In fact, things weren't normal at all. Janie Voyles had had a mini-stroke or TIA.

"It's very similar to a stroke except the injury to the blood vessel recovers so it heals quickly. And their inclination is to say you know, I don't know, I slept on it today. Or it will go away. It went away, I went back to myself, why should I tell anybody," Dr. Shyam Prabhakaran, a neurologist, said.

But the newest research shows that telling a doctor within 24 hours may significantly protect you from a full blown stroke that could lead to permanent disability or death.

It's so crucial that in the ER at Rush University Medical Center, patients with these symptoms are treated by a TIA express team.
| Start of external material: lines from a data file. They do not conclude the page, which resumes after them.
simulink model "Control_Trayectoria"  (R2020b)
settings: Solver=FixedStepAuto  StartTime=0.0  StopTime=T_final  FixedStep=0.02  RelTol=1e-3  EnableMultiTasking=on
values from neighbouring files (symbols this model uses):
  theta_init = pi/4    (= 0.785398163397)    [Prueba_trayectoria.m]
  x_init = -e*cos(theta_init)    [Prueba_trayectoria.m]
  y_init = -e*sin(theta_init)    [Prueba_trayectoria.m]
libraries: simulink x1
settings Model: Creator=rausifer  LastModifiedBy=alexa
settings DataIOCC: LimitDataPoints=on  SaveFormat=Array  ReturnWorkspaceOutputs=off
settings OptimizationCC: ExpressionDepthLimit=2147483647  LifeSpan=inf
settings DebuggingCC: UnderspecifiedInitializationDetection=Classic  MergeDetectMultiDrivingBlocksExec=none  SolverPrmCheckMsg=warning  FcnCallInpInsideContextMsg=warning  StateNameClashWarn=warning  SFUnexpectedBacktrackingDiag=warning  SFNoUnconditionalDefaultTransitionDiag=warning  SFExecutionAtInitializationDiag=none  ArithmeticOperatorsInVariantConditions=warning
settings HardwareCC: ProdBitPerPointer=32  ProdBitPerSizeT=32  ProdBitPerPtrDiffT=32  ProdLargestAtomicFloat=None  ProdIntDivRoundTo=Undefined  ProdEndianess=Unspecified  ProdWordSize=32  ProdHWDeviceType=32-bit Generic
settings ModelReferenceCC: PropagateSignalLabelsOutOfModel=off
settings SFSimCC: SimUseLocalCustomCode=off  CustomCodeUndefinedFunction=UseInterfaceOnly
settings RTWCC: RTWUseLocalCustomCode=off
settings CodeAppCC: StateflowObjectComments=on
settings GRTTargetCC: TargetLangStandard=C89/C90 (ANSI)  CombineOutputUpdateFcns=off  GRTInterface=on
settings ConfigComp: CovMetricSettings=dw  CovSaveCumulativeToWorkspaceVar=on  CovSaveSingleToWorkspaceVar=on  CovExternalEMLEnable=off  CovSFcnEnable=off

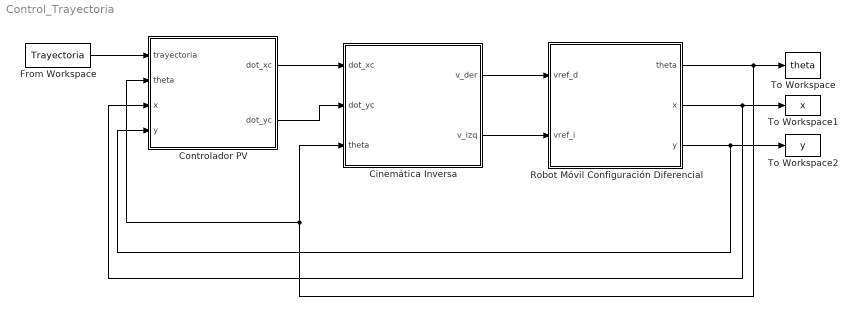
== system Control_Trayectoria ==
  Cinemática Inversa : MATLAB Function  TreatAsAtomicUnit=on
  Controlador PV : MATLAB Function  TreatAsAtomicUnit=on
  From Workspace : FromWorkspace  VariableName=Trayectoria  SampleTime=0.02  OutputAfterFinalValue=Holding final value
  Robot Móvil Configuración Diferencial : Subsystem
  To Workspace : ToWorkspace  VariableName=theta  SampleTime=-1
  To Workspace1 : ToWorkspace  VariableName=x  SampleTime=-1
  To Workspace2 : ToWorkspace  VariableName=y  SampleTime=-1
  wires:
  Robot Móvil Configuración Diferencial/2(x) -> Controlador PV/3(x), To Workspace1/1
  Cinemática Inversa/1(v_der) -> Robot Móvil Configuración Diferencial/1(vref_d)
  Cinemática Inversa/2(v_izq) -> Robot Móvil Configuración Diferencial/2(vref_i)
  Robot Móvil Configuración Diferencial/1(theta) -> To Workspace/1, Cinemática Inversa/3(theta), Controlador PV/2(theta)
  From Workspace/1 -> Controlador PV/1(trayectoria)
  Robot Móvil Configuración Diferencial/3(y) -> Controlador PV/4(y), To Workspace2/1
  Controlador PV/2(dot_yc) -> Cinemática Inversa/2(dot_yc)
  Controlador PV/1(dot_xc) -> Cinemática Inversa/1(dot_xc)

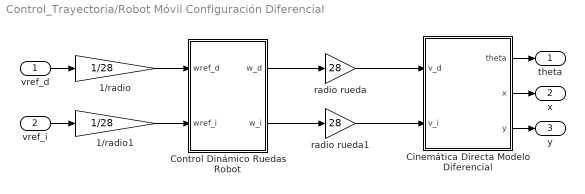
== system Control_Trayectoria/Robot Móvil Configuración Diferencial ==
  vref_d : Inport
  vref_i : Inport  Port=2
  1/radio : Gain  Gain=1/28
  1/radio1 : Gain  Gain=1/28
  Cinemática Directa Modelo Diferencial : Subsystem
  Control Dinámico Ruedas Robot : Subsystem
  radio rueda : Gain  Gain=28
  radio rueda1 : Gain  Gain=28
  theta : Outport  VectorParamsAs1DForOutWhenUnconnected=off
  x : Outport  Port=2  VectorParamsAs1DForOutWhenUnconnected=off
  y : Outport  Port=3  VectorParamsAs1DForOutWhenUnconnected=off
  wires:
  1/radio/1 -> Control Dinámico Ruedas Robot/1(wref_d)
  1/radio1/1 -> Control Dinámico Ruedas Robot/2(wref_i)
  Control Dinámico Ruedas Robot/1(w_d) -> radio rueda/1
  Control Dinámico Ruedas Robot/2(w_i) -> radio rueda1/1
  radio rueda/1 -> Cinemática Directa Modelo Diferencial/1(v_d)
  radio rueda1/1 -> Cinemática Directa Modelo Diferencial/2(v_i)
  Cinemática Directa Modelo Diferencial/1(theta) -> theta/1
  vref_d/1 -> 1/radio/1
  Cinemática Directa Modelo Diferencial/2(x) -> x/1
  vref_i/1 -> 1/radio1/1
  Cinemática Directa Modelo Diferencial/3(y) -> y/1

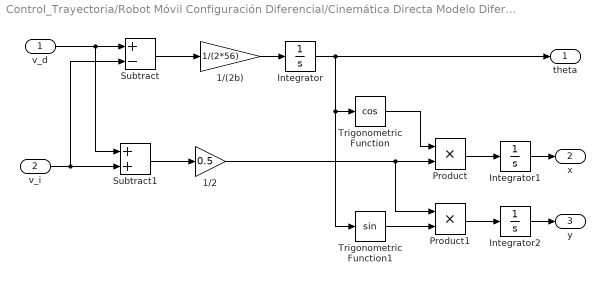
== system Control_Trayectoria/Robot Móvil Configuración Diferencial/Cinemática Directa Modelo Diferencial ==
  v_d : Inport
  v_i : Inport  Port=2
  1/(2b) : Gain  Gain=1/(2*56)
  1/2 : Gain  Gain=0.5
  Integrator : Integrator  InitialCondition=theta_init
  Integrator1 : Integrator  InitialCondition=x_init
  Integrator2 : Integrator  InitialCondition=y_init
  Product : Product  RndMeth=Zero
  Product1 : Product  RndMeth=Zero
  Subtract : Sum  Inputs=+-
  Subtract1 : Sum
  Trigonometric Function : Trigonometry  Operator=cos
  Trigonometric Function1 : Trigonometry
  theta : Outport  VectorParamsAs1DForOutWhenUnconnected=off
  x : Outport  Port=2  VectorParamsAs1DForOutWhenUnconnected=off
  y : Outport  Port=3  VectorParamsAs1DForOutWhenUnconnected=off
  wires:
  v_d/1 -> Subtract1/1, Subtract/1
  v_i/1 -> Subtract/2, Subtract1/2
  Subtract/1 -> 1/(2b)/1
  Subtract1/1 -> 1/2/1
  1/(2b)/1 -> Integrator/1
  Integrator/1 -> Trigonometric Function/1, Trigonometric Function1/1, theta/1
  Trigonometric Function/1 -> Product/1
  1/2/1 -> Product/2, Product1/1
  Product/1 -> Integrator1/1
  Product1/1 -> Integrator2/1
  Trigonometric Function1/1 -> Product1/2
  Integrator1/1 -> x/1
  Integrator2/1 -> y/1

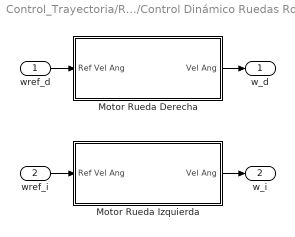
== system Control_Trayectoria/Robot Móvil Configuración Diferencial/Control Dinámico Ruedas Robot ==
  wref_d : Inport
  wref_i : Inport  Port=2
  Motor Rueda Derecha : Subsystem  mask(Controlador y modelo de motor rueda Lego EV3){k=0.146, tau=0.0634, ruido=off, Kp=3.4754, Ti=0.0463, Td=.005}
      mask prompts: k "Valor ganancia motor"; tau "Valor tiempo motor"; Kp "Valor Kp"; Ti "Valor Ti"; Td "Valor Td"
      mask help: Este bloque incluye un bloque de funcion de controlador tipo PID discreto que hay que implementar (en ecuaciones en diferencias). Ademas incluye el modelo del motor de una rueda de Lego EV3, al que se le pueden cambiar los valores para personalizarlo.
      mask DialogControl ParameterGroupVar Prompt: Parámetros
  Motor Rueda Izquierda : Subsystem  mask(Controlador y modelo de motor rueda Lego EV3){k=0.146, tau=0.0634, ruido=off, Kp=3.4754, Ti=0.0463, Td=.005}
      mask prompts: k "Valor ganancia motor"; tau "Valor tiempo motor"; Kp "Valor Kp"; Ti "Valor Ti"; Td "Valor Td"
      mask help: Este bloque incluye un bloque de funcion de controlador tipo PID discreto que hay que implementar (en ecuaciones en diferencias). Ademas incluye el modelo del motor de una rueda de Lego EV3, al que se le pueden cambiar los valores para personalizarlo.
      mask DialogControl ParameterGroupVar Prompt: Parámetros
  w_d : Outport  VectorParamsAs1DForOutWhenUnconnected=off
  w_i : Outport  Port=2  VectorParamsAs1DForOutWhenUnconnected=off
  wires:
  wref_d/1 -> Motor Rueda Derecha/1(Ref Vel Ang)
  Motor Rueda Derecha/1(Vel Ang) -> w_d/1
  wref_i/1 -> Motor Rueda Izquierda/1(Ref Vel Ang)
  Motor Rueda Izquierda/1(Vel Ang) -> w_i/1

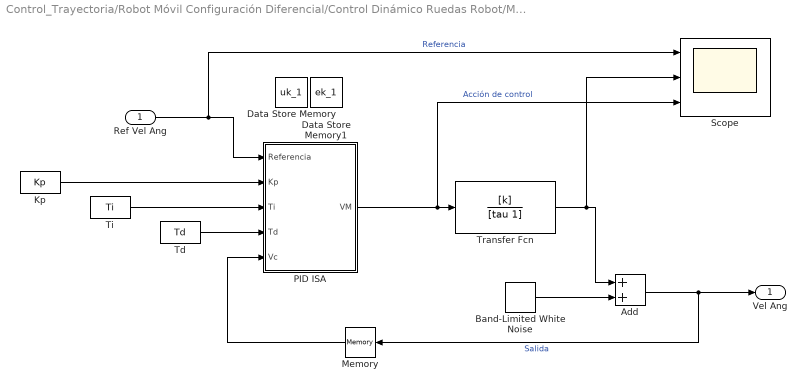
== system Control_Trayectoria/Robot Móvil Configuración Diferencial/Control Dinámico Ruedas Robot/Motor Rueda Derecha ==
  Ref Vel Ang : Inport
  Add : Sum
  Band-Limited White Noise : simulink/Sources/Band-Limited White Noise  Cov=[0.002]*ruido  Ts=0.02  seed=[23341]
  Data Store Memory : DataStoreMemory  DataStoreName=uk_1  ReadBeforeWriteMsg=warning  WriteAfterWriteMsg=warning  WriteAfterReadMsg=warning  ShowAdditionalParam=off  OutDataTypeStr=double
  Data Store Memory1 : DataStoreMemory  DataStoreName=ek_1  ReadBeforeWriteMsg=warning  WriteAfterWriteMsg=warning  WriteAfterReadMsg=warning  ShowAdditionalParam=off  OutDataTypeStr=double
  Kp : Constant  Value=Kp
  Memory : Memory  InheritSampleTime=on
  PID ISA : MATLAB Function  TreatAsAtomicUnit=on  SystemSampleTime=0.02
      settings: MinAlgLoopOccurrences=on
  Scope : Scope  NumInputPorts=3
  Td : Constant  Value=Td
  Ti : Constant  Value=Ti
  Transfer Fcn : TransferFcn  Numerator=[k]  Denominator=[tau 1]
  Vel Ang : Outport  VectorParamsAs1DForOutWhenUnconnected=off
  wires:
  Add/1 -> Vel Ang/1, Memory/1  "Salida"
  Ti/1 -> PID ISA/3(Ti)
  PID ISA/1(VM) -> Scope/3, Transfer Fcn/1  "Acción de control"
  Memory/1 -> PID ISA/5(Vc)
  Td/1 -> PID ISA/4(Td)
  Kp/1 -> PID ISA/2(Kp)
  Ref Vel Ang/1 -> Scope/1, PID ISA/1(Referencia)  "Referencia"
  Band-Limited White Noise/1 -> Add/2
  Transfer Fcn/1 -> Scope/2, Add/1

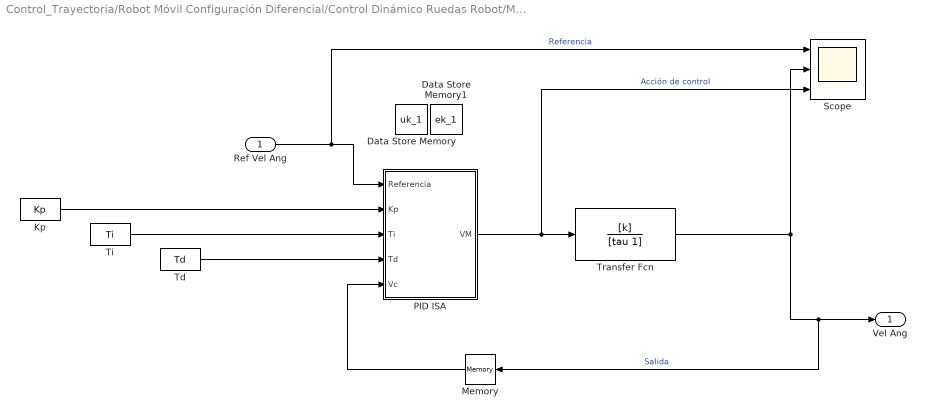
== system Control_Trayectoria/Robot Móvil Configuración Diferencial/Control Dinámico Ruedas Robot/Motor Rueda Izquierda ==
  Ref Vel Ang : Inport
  Data Store Memory : DataStoreMemory  DataStoreName=uk_1  ReadBeforeWriteMsg=warning  WriteAfterWriteMsg=warning  WriteAfterReadMsg=warning  ShowAdditionalParam=off  OutDataTypeStr=double
  Data Store Memory1 : DataStoreMemory  DataStoreName=ek_1  ReadBeforeWriteMsg=warning  WriteAfterWriteMsg=warning  WriteAfterReadMsg=warning  ShowAdditionalParam=off  OutDataTypeStr=double
  Kp : Constant  Value=Kp
  Memory : Memory  InheritSampleTime=on
  PID ISA : MATLAB Function  TreatAsAtomicUnit=on  SystemSampleTime=0.02
      settings: MinAlgLoopOccurrences=on
  Scope : Scope  NumInputPorts=3
  Td : Constant  Value=Td
  Ti : Constant  Value=Ti
  Transfer Fcn : TransferFcn  Numerator=[k]  Denominator=[tau 1]
  Vel Ang : Outport  VectorParamsAs1DForOutWhenUnconnected=off
  wires:
  Ref Vel Ang/1 -> Scope/1, PID ISA/1(Referencia)  "Referencia"
  Kp/1 -> PID ISA/2(Kp)
  Td/1 -> PID ISA/4(Td)
  Memory/1 -> PID ISA/5(Vc)
  PID ISA/1(VM) -> Scope/3, Transfer Fcn/1  "Acción de control"
  Ti/1 -> PID ISA/3(Ti)
  Transfer Fcn/1 -> Scope/2, Memory/1, Vel Ang/1  "Salida"

== matlab function Control_Trayectoria/Robot Móvil Configuración Diferencial/Control Dinámico Ruedas Robot/Motor Rueda Derecha/PID ISA ==
  data: Referencia input; Kp input; Ti input; Td input; VM output; Vc input; uk_1 data_store_memory; ek_1 data_store_memory
function VM = PID(Referencia,Kp,Ti,Td,Vc)
Ts = 0.02;
global uk_1 ek_1;

% Calcular el Error
ek = Referencia - Vc;
% Calcular la Acción de control
up = Kp*ek;
ui = uk_1 + (Kp/Ti)*ek*Ts;
ud = Kp*Td*((ek - ek_1)/Ts);
uk =  up + ui + ud;

%Saturar la Acción de Control (-10,+10)
if (uk >= (100))
    uk = 100;
    ui = uk_1;
end     
if (uk <= (-100))
    uk = -100;
    ui = uk_1;
end

% Sumamos Punto Funcionamiento a la Accion de Control
VM = uk;

% Actualizar variables
uk_1 = ui;
ek_1 = ek;

== matlab function Control_Trayectoria/Robot Móvil Configuración Diferencial/Control Dinámico Ruedas Robot/Motor Rueda Izquierda/PID ISA ==
  data: Referencia input; Kp input; Ti input; Td input; VM output; Vc input; uk_1 data_store_memory; ek_1 data_store_memory
function VM = PID(Referencia,Kp,Ti,Td,Vc)
Ts = 0.02;
global uk_1 ek_1;

% Calcular el Error
ek = Referencia - Vc;
% Calcular la Acción de control
up = Kp*ek;
ui = uk_1 + (Kp/Ti)*ek*Ts;
ud = Kp*Td*((ek - ek_1)/Ts);
uk =  up + ui + ud;

%Saturar la Acción de Control (-10,+10)
if (uk >= (100))
    uk = 100;
    ui = uk_1;
end     
if (uk <= (-100))
    uk = -100;
    ui = uk_1;
end

% Sumamos Punto Funcionamiento a la Accion de Control
VM = uk;

% Actualizar variables
uk_1 = ui;
ek_1 = ek;

== matlab function Control_Trayectoria/Controlador PV ==
  data: trayectoria input; dot_xc output; theta input; dot_yc output; x input; y input
%Controlador Proporcional Velocidad
function [dot_xc, dot_yc] = Controlador_pv(trayectoria,theta, x, y)

    %Ley de Control cinemático Proporcional con pre-alimentación de velocidad
    %del punto de centrado en función de la configuración del robot (x,y,theta)

    %Declaración de Variables 
    Kx = 4.5; %Ganancia con respecto al error en x 
    Ky = 4.5; %Ganancia con respecto al error en y
    e = 100;%Distancia entre el punto descentralizado y el punto medio de las ruedas
    ref = trayectoria(1:2); %Trayectoria de x,y
    dot_ref = trayectoria(3:4); %Derivadas de x,y de la trayectoría
    m_ganancia = [Kx 0; 0 Ky]; %Matriz constante de ganancia
  
    %Matriz de derivadas de x,y de la trayectoría
    m_dot_ref = [dot_ref(1);dot_ref(2)];

    %Matriz del error del punto de centrado
    e1 = ref(1) - (x + e*cos(theta)); % Primer elemento de la matriz
    e2 = ref(2) - (y + e*sin(theta)); % Segundo elemento de la matriz
    m_error_punto_centrado = [e1;e2];

    % Se múltiplican para obtener los valores de XC, YC
    m_dot_xyc = m_dot_ref + m_ganancia * m_error_punto_centrado;

    %Derivadas de la trayectoría con respecto a la velocidad para x,y 
    dot_xc = m_dot_xyc(1);
    dot_yc = m_dot_xyc(2);
    
end

== matlab function Control_Trayectoria/Cinemática Inversa ==
  data: dot_xc input; v_der output; dot_yc input; theta input; v_izq output
function [v_der, v_izq] = Cinematica_Inversa(dot_xc,dot_yc,theta)

    %Declaración de Variables
    e = 100; % Distancia entre el punto descentralizado y el punto medio de las ruedas
    b = 56; % Distancia entre las ruedas
    
    %Cinemática Inversa del Punto Descentralizado
    m_vels_punto_descentralizado = [dot_xc; dot_yc];
    m_cinematica_inv = [(cos(theta)+(b/e)*sin(theta))  (sin(theta)-(b/e)*cos(theta));...
          (cos(theta)-(b/e)*sin(theta)) (sin(theta)+(b/e)*cos(theta)) ];
    m_velocidades = 1/2 * m_cinematica_inv * m_vels_punto_descentralizado;

    %Velocidades de referencia del motor
    v_izq = m_velocidades(1);
    v_der = m_velocidades(2);

end

Patients are fast tracked into specific testing that looks for evidence of a mini-stroke.

"We know that T-I-A is like the tremor before the earthquake. If you have a TIA, you stand a substantial risk of having a stroke within days," Dr. Prabhakaran said.

Imaging doesn't always yield certain diagnosis. So it's paired with a careful clinical exam.

Hours later, doctors decide either to admit the patient, "Because clearly they're at risk for having a stroke within hours," Dr. Prabhakaran said, or to give them medications that lower the risk of another stroke significantly.

"Somewhere around 80% lower if you get started on those medicines the same day of your TIA," Dr. Prabhakaran said

"I look at it as a warning," Voyles said.

Janie now takes an anti-clotting medication every day and she's glad she went straight to the hospital. Still, she gets why people ignore warning signs. She almost did.

"We've all read -- heart attack signs, stroke signs ... just believe them. It's real. And I had not the first idea that it would happen to me," Voyles said.